▶ **What needs to be done**
Go line by line through the data below and work out how many lines contain "Continuous"; the answer is that number alone.
*** Stored data ***
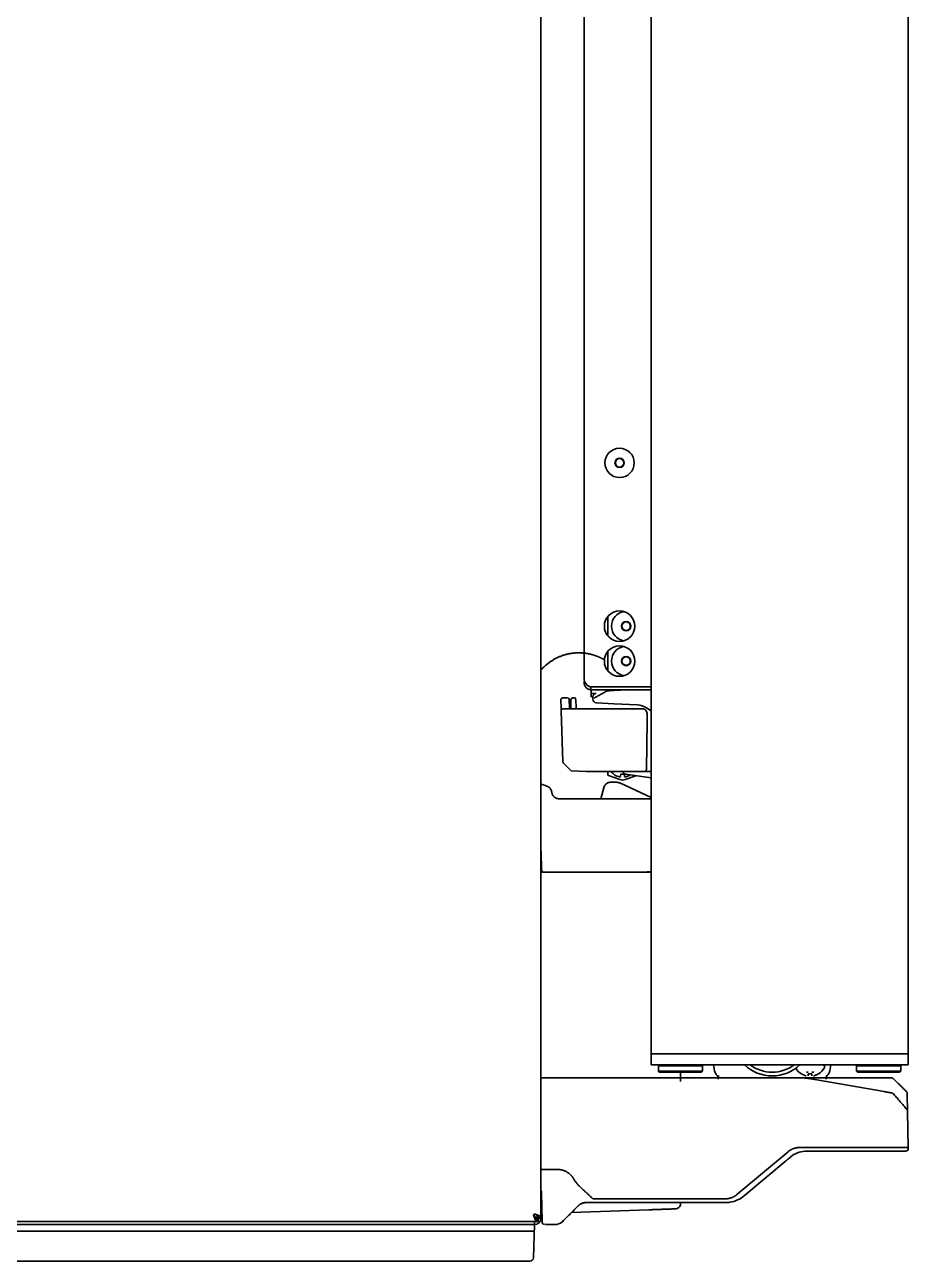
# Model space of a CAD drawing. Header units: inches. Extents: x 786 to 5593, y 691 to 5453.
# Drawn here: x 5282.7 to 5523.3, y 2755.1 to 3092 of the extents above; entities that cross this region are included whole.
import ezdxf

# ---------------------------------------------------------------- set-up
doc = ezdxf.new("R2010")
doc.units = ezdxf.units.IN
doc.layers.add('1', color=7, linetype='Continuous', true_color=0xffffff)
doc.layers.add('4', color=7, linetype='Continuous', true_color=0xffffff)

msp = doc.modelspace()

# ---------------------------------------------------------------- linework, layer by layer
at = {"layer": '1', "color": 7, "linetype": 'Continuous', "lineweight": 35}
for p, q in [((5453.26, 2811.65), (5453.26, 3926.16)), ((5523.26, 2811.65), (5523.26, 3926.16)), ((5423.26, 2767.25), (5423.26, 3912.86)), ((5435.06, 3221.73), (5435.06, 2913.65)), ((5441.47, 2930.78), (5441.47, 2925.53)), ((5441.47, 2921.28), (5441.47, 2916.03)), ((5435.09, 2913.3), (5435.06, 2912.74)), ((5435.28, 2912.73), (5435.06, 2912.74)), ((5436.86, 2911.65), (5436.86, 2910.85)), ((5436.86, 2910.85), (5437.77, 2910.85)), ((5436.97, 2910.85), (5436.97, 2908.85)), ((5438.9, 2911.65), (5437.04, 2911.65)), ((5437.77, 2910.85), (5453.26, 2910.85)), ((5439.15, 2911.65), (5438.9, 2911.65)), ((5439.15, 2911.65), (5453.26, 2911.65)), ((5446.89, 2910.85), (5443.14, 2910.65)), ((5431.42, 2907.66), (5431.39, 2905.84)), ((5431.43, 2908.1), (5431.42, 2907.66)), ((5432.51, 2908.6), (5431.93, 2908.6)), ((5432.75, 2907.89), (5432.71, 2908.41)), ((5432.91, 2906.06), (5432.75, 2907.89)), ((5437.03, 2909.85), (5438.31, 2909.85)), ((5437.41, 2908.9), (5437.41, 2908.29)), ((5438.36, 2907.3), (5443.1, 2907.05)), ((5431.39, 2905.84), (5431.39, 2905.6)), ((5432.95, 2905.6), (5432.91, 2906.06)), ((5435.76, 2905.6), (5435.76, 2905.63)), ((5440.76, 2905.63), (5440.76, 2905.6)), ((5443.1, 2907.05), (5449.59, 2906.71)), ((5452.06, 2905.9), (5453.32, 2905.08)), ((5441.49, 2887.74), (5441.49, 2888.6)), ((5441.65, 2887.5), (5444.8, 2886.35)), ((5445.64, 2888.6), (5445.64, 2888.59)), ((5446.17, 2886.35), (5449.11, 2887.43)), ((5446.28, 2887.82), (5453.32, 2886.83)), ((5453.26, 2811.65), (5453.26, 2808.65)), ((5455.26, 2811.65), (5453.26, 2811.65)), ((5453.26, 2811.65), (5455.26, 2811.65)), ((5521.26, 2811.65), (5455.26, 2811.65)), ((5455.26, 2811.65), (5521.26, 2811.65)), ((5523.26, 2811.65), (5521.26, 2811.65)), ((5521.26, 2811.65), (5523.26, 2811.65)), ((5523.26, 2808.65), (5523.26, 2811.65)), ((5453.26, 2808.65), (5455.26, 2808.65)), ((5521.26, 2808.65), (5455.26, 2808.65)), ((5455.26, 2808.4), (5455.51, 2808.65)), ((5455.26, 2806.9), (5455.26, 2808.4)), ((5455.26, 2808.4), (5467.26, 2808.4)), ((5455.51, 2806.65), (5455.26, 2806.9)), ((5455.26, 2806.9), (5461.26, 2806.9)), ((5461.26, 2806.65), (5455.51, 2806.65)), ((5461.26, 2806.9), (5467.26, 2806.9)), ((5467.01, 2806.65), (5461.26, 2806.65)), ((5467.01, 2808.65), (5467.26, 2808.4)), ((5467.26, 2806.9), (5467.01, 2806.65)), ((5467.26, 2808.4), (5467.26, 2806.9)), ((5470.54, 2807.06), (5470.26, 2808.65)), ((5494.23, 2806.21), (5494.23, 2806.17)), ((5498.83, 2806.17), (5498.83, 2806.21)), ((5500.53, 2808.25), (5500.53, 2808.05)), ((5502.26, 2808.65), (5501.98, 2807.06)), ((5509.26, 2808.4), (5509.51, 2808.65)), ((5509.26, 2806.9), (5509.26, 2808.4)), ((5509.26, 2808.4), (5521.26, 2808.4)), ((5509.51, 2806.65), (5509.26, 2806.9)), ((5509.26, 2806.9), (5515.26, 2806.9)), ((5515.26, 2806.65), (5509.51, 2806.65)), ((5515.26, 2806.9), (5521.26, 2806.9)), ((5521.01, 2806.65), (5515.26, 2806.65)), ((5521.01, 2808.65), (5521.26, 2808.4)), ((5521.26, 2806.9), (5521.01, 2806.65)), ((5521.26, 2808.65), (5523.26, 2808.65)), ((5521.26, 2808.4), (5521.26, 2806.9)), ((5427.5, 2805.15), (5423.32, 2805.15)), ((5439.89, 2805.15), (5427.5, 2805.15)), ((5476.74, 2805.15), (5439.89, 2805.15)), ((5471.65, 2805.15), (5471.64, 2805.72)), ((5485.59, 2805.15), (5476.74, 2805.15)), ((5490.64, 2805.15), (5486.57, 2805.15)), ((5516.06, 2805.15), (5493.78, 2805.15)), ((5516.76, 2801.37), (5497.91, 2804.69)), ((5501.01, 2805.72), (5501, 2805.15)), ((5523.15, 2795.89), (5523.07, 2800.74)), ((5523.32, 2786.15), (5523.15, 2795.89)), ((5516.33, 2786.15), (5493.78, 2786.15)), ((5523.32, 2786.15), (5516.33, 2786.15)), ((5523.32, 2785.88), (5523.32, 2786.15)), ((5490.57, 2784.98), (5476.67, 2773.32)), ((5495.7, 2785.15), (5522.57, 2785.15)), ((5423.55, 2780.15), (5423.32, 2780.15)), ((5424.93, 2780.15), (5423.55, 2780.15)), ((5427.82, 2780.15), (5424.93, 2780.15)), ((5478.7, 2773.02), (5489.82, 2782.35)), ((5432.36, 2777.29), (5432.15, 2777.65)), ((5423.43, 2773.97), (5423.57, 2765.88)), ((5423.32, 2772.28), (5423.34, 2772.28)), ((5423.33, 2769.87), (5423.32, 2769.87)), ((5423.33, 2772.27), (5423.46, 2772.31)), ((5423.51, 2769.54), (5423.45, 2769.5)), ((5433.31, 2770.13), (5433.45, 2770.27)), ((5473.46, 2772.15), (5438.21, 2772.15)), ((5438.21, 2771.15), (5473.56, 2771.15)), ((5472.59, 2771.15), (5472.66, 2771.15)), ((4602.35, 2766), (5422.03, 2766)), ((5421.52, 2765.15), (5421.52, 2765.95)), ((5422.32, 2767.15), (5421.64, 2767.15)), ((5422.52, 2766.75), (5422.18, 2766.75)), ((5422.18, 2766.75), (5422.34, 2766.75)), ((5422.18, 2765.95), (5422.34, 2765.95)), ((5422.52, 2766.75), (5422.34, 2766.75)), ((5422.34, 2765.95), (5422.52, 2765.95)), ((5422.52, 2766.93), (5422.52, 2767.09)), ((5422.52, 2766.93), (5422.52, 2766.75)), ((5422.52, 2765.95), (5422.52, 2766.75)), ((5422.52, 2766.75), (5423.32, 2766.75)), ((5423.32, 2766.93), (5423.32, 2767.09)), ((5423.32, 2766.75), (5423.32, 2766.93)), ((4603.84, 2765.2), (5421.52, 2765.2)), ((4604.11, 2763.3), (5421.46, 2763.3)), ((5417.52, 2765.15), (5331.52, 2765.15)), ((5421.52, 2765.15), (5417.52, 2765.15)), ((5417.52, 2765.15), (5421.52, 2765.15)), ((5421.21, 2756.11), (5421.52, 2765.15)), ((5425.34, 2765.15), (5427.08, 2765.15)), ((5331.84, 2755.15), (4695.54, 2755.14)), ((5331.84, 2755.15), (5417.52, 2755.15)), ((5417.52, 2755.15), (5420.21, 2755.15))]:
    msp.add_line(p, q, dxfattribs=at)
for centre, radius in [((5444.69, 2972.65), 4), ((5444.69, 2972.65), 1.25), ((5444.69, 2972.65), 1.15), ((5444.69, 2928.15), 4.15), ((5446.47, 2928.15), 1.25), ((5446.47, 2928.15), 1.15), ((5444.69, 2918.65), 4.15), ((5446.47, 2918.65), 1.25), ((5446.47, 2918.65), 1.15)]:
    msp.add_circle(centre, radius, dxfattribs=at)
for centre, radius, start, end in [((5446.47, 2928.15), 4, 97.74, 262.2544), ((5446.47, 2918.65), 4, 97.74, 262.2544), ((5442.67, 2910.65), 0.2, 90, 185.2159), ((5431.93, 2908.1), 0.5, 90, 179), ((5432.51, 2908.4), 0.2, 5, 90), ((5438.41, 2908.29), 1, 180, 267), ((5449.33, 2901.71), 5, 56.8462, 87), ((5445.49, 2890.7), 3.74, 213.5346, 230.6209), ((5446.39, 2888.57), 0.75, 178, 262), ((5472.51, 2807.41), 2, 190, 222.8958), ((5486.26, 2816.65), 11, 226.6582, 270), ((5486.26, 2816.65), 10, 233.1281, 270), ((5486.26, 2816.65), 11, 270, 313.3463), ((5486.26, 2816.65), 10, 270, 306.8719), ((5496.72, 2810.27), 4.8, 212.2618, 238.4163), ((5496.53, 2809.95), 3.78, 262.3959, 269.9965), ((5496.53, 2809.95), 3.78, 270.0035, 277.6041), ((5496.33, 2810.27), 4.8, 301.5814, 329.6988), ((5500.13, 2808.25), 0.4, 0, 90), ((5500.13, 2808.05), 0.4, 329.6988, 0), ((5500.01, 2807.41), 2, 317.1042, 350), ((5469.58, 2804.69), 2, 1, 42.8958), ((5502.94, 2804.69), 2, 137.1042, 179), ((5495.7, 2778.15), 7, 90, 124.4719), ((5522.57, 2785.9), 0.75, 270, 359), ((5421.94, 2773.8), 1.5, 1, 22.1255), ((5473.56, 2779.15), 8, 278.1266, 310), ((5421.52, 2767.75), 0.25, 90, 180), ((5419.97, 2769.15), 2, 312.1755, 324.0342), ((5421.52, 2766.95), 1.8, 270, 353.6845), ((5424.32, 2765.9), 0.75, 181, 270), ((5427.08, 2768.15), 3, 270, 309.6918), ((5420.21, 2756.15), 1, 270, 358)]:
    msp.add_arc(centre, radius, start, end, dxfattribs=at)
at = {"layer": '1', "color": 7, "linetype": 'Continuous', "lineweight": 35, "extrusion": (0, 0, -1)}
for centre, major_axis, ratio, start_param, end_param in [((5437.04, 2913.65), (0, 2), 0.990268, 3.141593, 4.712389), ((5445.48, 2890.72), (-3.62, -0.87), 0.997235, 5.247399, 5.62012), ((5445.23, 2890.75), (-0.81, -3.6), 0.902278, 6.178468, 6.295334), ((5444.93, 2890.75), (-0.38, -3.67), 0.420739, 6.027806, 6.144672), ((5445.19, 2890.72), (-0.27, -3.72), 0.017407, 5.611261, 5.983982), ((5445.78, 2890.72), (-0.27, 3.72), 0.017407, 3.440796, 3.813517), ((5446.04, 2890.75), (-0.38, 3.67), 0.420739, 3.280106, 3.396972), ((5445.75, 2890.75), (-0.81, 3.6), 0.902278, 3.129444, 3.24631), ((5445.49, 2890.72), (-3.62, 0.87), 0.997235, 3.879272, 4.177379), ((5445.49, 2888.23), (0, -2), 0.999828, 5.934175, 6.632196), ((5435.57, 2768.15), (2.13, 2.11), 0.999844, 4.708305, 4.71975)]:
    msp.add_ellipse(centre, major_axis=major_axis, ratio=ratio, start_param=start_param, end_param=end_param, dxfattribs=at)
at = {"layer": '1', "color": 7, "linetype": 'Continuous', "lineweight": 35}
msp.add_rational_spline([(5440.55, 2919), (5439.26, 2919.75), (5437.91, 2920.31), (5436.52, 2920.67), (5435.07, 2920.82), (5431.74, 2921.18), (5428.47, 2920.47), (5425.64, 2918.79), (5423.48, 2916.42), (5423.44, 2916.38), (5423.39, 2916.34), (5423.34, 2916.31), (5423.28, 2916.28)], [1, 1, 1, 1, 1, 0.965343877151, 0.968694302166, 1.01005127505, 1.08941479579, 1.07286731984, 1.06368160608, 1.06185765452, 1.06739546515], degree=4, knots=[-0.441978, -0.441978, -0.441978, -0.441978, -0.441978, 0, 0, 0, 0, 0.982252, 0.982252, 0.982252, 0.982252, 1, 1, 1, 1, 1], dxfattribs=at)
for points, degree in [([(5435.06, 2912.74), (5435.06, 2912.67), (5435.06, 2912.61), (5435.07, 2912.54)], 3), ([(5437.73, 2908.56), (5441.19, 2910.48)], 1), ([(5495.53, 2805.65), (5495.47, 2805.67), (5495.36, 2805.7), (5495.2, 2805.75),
*** End of Stored data ***
▶ **Your solution**
5